TASK STATEMENT: Among the lines below, the one containing "R1: 10k; R_0805_2012Metric" opens the range and the one containing "GND: U1.2 (GND); also elsewhere on the board" closes it. Print that range exactly, without the pictures.
**** RECORDS ****
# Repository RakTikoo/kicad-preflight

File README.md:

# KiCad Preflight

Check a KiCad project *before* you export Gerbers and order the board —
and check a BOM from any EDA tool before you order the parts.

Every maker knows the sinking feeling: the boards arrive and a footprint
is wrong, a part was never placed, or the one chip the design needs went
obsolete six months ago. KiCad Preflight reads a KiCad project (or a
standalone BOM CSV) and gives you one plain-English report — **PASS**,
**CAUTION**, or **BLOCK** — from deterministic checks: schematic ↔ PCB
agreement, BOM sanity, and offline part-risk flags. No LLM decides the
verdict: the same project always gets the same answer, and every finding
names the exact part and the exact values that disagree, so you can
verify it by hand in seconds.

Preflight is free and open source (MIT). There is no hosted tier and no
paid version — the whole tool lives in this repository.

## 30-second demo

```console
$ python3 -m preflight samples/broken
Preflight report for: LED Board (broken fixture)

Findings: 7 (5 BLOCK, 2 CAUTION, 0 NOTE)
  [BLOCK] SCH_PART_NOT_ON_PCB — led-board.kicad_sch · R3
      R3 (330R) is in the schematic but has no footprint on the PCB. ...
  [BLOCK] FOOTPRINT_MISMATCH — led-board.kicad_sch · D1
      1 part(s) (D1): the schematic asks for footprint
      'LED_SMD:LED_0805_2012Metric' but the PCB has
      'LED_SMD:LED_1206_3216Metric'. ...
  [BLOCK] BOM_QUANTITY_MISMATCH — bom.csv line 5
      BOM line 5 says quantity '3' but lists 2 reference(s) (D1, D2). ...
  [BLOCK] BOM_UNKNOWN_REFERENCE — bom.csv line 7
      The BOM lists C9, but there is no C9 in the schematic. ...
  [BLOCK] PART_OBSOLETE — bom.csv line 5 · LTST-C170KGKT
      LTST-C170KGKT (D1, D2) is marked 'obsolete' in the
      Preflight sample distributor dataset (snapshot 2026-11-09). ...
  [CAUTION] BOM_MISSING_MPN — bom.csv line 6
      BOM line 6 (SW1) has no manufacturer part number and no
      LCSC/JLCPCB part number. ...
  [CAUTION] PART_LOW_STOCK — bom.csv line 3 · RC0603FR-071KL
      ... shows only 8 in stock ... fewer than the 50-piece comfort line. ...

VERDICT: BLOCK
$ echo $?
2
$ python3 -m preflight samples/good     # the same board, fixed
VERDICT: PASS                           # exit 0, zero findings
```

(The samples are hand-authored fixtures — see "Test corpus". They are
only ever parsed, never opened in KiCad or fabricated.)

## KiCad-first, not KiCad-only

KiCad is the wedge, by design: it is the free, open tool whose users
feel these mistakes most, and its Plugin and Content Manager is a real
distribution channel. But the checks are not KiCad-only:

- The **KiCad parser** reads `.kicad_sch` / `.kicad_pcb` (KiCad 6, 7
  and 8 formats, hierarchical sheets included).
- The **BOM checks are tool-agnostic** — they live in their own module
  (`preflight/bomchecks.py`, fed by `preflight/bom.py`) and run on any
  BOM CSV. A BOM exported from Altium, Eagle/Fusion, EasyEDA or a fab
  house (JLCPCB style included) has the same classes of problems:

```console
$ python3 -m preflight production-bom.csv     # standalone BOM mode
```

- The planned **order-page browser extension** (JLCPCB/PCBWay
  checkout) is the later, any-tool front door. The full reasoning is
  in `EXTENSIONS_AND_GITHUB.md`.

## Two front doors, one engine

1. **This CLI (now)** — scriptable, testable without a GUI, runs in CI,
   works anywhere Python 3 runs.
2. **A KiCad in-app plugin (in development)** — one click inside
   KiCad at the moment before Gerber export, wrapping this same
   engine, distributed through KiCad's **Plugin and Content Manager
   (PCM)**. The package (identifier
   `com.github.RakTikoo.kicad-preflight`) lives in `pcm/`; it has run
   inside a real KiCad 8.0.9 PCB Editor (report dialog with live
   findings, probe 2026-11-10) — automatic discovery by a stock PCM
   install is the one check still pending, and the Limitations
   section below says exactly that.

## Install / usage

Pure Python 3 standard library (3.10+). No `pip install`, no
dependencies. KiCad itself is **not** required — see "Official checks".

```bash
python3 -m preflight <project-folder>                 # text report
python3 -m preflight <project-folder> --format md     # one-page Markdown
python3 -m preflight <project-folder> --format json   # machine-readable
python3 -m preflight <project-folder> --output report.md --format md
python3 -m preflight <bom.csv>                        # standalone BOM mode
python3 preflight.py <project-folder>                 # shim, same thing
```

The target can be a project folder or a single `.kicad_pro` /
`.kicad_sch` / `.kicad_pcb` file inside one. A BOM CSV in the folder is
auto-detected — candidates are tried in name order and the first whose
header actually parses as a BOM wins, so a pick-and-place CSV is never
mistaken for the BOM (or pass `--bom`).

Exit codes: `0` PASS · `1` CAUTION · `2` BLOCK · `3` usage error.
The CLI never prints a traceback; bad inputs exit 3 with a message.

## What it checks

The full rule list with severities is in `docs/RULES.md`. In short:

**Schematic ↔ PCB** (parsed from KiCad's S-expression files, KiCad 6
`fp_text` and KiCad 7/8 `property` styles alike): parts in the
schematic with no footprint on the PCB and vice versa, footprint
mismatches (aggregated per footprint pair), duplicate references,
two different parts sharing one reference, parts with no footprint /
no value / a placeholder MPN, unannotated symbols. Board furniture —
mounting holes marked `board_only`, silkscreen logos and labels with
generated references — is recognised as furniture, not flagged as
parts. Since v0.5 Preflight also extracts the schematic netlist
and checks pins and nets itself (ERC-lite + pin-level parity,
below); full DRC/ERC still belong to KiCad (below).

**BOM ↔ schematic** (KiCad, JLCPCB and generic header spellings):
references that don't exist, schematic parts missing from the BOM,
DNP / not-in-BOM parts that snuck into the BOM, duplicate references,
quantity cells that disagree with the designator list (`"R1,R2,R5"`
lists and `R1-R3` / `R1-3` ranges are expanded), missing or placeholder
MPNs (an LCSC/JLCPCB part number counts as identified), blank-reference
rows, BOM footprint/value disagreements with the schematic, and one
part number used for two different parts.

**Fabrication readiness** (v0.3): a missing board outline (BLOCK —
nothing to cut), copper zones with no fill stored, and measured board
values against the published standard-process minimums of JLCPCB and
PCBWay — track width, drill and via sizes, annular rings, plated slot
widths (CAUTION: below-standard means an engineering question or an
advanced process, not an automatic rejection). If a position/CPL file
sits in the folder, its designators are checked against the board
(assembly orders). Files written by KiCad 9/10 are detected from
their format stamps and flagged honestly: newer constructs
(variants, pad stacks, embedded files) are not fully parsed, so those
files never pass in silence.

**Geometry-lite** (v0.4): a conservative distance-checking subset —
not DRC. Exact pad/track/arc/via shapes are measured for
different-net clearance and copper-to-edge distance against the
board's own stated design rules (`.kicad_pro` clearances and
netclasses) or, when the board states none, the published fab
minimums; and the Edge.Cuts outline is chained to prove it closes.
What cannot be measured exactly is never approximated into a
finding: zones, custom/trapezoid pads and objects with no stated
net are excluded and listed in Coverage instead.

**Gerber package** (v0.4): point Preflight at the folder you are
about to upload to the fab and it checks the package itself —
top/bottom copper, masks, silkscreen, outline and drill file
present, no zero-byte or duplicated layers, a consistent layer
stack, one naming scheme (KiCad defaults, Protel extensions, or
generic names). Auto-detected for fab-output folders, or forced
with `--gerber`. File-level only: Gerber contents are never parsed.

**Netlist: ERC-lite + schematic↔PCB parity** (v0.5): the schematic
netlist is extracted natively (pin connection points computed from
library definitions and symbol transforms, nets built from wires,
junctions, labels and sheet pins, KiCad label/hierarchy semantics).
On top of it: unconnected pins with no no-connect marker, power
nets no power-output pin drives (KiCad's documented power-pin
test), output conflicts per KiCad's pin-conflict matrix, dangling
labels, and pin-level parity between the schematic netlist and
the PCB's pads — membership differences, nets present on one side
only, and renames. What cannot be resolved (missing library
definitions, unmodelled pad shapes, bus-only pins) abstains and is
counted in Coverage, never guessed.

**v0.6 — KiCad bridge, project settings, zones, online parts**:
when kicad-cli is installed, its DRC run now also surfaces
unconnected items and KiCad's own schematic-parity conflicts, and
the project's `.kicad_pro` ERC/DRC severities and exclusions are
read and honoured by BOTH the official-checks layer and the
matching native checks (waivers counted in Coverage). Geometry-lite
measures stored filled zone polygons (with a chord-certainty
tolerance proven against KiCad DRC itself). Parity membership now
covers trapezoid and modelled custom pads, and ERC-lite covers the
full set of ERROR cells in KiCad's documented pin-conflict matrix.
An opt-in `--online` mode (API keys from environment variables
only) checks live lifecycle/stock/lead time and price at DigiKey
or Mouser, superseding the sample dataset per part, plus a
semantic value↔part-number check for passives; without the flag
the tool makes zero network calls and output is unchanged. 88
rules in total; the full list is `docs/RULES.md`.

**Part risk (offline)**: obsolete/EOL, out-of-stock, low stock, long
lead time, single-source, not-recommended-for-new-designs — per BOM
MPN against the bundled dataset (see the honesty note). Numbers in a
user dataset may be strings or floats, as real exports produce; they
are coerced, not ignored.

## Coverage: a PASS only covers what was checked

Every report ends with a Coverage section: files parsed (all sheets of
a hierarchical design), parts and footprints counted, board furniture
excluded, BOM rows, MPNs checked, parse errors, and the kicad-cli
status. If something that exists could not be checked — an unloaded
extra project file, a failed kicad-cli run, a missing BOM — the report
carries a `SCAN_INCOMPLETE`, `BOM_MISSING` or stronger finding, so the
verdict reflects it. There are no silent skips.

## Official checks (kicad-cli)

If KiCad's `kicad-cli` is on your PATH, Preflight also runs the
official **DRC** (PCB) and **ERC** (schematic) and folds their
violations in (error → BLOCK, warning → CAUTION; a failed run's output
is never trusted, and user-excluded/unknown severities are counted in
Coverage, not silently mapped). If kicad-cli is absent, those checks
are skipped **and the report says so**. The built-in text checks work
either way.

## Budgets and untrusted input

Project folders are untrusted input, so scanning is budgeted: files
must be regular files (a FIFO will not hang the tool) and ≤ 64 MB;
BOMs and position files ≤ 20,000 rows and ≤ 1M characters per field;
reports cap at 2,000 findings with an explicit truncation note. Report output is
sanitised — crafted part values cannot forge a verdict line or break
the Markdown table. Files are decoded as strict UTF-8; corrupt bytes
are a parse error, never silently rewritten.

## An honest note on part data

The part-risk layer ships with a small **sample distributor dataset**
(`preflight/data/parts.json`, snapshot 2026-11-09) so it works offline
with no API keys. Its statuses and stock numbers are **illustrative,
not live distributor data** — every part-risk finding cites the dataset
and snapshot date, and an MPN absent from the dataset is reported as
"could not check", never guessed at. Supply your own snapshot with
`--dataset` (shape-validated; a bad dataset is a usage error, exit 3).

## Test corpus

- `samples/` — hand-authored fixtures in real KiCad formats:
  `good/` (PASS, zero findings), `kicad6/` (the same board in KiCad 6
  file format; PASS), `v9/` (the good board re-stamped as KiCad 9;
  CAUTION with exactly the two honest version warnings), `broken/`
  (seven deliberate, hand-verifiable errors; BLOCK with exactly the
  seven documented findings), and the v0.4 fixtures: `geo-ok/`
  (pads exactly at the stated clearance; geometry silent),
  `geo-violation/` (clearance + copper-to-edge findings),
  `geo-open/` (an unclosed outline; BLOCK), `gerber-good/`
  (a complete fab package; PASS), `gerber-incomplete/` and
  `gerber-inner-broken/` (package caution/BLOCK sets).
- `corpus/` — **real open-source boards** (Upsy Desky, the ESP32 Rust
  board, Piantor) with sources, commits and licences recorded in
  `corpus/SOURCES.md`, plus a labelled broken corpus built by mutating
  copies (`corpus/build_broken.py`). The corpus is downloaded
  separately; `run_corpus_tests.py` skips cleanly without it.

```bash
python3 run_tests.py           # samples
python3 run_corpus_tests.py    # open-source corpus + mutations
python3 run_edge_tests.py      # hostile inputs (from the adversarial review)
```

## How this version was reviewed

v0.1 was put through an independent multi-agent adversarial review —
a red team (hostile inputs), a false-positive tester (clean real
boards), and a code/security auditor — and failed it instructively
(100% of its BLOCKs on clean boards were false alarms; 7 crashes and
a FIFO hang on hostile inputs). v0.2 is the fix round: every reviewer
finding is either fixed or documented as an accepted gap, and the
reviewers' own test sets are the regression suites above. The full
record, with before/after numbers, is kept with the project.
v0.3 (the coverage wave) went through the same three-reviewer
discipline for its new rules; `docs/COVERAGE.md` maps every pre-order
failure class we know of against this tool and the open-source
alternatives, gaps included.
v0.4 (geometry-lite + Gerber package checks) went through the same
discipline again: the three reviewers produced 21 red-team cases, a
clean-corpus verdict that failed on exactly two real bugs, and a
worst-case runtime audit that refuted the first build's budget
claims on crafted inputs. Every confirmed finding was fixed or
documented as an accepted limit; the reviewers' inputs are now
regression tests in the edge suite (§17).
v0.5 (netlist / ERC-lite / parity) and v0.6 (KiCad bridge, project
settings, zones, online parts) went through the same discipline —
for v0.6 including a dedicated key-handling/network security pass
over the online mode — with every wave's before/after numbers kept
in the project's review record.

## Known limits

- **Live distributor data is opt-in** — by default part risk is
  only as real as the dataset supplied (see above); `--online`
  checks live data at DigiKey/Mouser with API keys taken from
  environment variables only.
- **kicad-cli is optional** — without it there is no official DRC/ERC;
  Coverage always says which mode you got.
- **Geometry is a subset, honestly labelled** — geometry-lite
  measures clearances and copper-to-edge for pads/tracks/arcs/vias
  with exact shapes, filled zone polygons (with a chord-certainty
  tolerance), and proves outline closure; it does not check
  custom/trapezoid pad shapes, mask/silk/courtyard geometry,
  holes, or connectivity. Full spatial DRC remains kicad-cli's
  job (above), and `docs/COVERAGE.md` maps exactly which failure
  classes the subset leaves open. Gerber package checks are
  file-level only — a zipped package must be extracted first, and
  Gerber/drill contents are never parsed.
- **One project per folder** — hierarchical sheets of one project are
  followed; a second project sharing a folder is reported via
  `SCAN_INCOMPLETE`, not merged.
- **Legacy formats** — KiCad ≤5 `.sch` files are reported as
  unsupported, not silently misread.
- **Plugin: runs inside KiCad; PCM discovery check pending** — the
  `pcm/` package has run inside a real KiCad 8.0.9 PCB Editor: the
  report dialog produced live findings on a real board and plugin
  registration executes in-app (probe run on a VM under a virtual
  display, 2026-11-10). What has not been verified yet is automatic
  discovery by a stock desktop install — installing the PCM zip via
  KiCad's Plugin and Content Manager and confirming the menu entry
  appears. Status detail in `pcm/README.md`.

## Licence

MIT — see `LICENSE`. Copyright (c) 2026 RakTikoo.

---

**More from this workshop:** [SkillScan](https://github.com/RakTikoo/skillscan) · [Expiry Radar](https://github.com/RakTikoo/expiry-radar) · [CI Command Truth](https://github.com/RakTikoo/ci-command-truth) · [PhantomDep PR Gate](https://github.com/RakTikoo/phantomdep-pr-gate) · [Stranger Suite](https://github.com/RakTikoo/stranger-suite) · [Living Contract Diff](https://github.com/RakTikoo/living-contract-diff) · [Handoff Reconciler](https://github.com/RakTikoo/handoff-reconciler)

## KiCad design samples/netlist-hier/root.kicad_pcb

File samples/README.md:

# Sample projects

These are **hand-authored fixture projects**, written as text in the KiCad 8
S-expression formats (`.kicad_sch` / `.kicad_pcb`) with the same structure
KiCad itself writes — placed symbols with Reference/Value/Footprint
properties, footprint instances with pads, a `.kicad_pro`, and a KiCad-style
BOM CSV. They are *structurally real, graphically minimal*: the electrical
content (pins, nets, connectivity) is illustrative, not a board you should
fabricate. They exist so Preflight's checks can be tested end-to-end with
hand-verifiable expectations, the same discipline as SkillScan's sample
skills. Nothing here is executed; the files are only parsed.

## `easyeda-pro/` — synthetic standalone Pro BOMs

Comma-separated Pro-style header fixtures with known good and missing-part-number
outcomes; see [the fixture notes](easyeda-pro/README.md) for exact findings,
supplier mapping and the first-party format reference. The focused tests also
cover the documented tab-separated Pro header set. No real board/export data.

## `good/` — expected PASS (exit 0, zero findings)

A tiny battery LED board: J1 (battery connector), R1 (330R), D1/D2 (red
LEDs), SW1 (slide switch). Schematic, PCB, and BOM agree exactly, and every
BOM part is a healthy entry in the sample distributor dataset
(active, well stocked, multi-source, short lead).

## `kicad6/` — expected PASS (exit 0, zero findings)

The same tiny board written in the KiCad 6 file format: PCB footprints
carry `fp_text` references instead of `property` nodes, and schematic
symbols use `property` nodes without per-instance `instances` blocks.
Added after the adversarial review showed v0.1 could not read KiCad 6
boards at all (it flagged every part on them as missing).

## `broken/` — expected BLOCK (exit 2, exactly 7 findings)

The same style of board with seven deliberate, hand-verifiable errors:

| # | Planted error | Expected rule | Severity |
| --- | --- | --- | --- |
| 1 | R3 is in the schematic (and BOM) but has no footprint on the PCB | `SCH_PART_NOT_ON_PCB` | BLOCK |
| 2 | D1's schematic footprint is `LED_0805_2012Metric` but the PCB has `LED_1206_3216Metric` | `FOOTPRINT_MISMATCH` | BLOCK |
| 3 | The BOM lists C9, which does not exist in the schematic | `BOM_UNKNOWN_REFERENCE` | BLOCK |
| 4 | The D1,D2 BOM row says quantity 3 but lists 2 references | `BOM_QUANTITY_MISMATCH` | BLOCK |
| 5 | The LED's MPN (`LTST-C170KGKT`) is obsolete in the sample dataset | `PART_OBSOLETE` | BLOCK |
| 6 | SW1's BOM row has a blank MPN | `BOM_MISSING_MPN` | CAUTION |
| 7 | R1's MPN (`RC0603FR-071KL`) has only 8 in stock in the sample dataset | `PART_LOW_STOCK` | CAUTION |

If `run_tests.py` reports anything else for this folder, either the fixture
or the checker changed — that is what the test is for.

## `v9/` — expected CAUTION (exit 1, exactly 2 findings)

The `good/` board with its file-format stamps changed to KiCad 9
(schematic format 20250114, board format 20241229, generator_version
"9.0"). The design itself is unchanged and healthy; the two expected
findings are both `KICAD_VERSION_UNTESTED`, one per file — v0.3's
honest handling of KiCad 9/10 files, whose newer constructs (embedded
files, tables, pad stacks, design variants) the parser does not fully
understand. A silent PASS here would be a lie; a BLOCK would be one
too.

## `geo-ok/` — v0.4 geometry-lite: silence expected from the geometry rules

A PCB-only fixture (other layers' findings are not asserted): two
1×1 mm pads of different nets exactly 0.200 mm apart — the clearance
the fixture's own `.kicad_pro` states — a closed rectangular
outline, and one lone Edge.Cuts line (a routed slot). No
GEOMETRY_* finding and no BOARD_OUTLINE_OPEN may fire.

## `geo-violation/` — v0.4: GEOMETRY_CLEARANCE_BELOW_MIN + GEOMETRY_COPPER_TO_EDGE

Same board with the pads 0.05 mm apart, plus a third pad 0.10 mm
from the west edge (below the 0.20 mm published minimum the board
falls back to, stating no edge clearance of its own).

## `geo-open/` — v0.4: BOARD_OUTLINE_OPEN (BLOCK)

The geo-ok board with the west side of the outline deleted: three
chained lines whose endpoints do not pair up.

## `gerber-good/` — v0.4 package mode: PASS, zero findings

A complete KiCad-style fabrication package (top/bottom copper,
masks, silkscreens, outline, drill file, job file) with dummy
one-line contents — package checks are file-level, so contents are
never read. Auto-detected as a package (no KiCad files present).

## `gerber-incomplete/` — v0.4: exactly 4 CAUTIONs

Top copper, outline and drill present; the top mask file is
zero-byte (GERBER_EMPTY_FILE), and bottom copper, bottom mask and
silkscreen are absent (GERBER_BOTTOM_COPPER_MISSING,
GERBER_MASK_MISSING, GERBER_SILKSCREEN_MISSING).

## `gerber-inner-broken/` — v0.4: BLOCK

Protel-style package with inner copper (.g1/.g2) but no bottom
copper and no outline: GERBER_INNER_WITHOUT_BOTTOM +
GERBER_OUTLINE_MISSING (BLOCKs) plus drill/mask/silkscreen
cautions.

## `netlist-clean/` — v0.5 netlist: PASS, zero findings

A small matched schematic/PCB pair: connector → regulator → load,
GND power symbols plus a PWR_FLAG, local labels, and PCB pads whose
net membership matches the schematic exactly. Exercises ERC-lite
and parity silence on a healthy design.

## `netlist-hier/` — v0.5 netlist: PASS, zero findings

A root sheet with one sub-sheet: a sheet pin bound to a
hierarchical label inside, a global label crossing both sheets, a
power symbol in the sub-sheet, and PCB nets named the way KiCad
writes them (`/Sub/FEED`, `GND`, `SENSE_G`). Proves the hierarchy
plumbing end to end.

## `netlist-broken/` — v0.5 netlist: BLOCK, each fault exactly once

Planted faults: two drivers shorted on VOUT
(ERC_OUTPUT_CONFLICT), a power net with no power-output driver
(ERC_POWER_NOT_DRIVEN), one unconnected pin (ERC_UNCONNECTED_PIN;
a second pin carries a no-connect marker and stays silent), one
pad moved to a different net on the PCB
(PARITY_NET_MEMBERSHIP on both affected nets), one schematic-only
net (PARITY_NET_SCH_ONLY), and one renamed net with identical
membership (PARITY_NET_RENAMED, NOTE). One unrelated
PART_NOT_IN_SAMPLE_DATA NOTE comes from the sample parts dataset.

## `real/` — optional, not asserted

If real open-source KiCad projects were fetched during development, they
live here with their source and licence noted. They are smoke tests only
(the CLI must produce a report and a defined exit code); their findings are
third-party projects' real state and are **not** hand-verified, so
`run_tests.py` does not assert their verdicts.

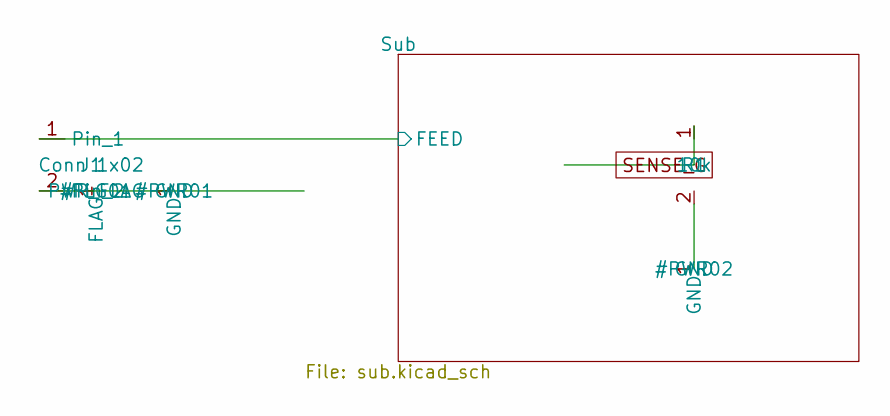
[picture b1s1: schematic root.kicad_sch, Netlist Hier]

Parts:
J1: Conn 1x02; JST_PH_B2B-PH-K_1x02_P2.00mm_Vertical
R1: 10k; R_0805_2012Metric

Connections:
/Sub/FEED: J1.1; also elsewhere on the board
GND: J1.2, R1.2; also elsewhere on the board
SENSE_G: R1.1; also elsewhere on the board

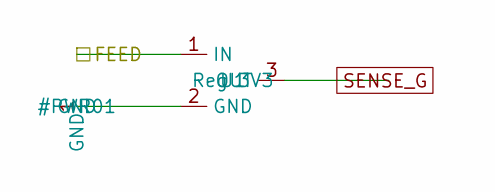
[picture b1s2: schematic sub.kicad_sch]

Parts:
U1: Reg 3V3; SOT-23

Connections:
/Sub/FEED: U1.1 (IN); also elsewhere on the board
GND: U1.2 (GND); also elsewhere on the board
SENSE_G: U1.3 (OUT); also elsewhere on the board

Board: 2 copper layers, 3 parts (0 on the bottom side), 3 nets, no tracks yet.

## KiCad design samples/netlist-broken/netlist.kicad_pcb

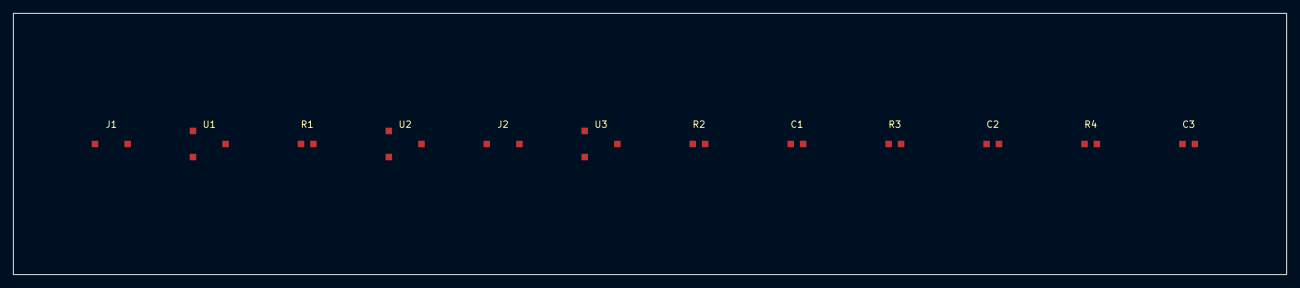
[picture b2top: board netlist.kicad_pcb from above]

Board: 2 copper layers, 195.0 x 40.0 mm, 12 parts (0 on the bottom side), 5 nets, no tracks yet.

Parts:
C1, C2, C3: 100n; C_0805_2012Metric
J1, J2: Conn 1x02; JST_PH_B2B-PH-K_1x02_P2.00mm_Vertical
R1, R2, R3, R4: 10k; R_0805_2012Metric
U1: Reg 3V3; SOT-23
U2: Driver; SOT-23
U3: Sensor; SOT-23

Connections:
CLK_OUT: C3.1, R4.1
GND: C1.1, C2.2, C3.2, J1.2, J2.2, R3.2, R4.2, U1.2, U2.2, U3.2
VBAT_IN: J2.1, U3.1
VIN: J1.1, U1.1, U2.1
VOUT: R1.1, R1.2, R2.1, U1.3, U2.3

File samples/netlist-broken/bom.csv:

Reference,Quantity,Value,Footprint,MPN
J1,1,Conn 1x02,Connector_JST:JST_PH_B2B-PH-K_1x02_P2.00mm_Vertical,B2B-PH-K-S
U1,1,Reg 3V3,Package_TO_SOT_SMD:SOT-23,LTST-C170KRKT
****
EXERCISE RESULT:
R1: 10k; R_0805_2012Metric

Connections:
/Sub/FEED: J1.1; also elsewhere on the board
GND: J1.2, R1.2; also elsewhere on the board
SENSE_G: R1.1; also elsewhere on the board

[picture b1s2: schematic sub.kicad_sch]

Parts:
U1: Reg 3V3; SOT-23

Connections:
/Sub/FEED: U1.1 (IN); also elsewhere on the board
GND: U1.2 (GND); also elsewhere on the board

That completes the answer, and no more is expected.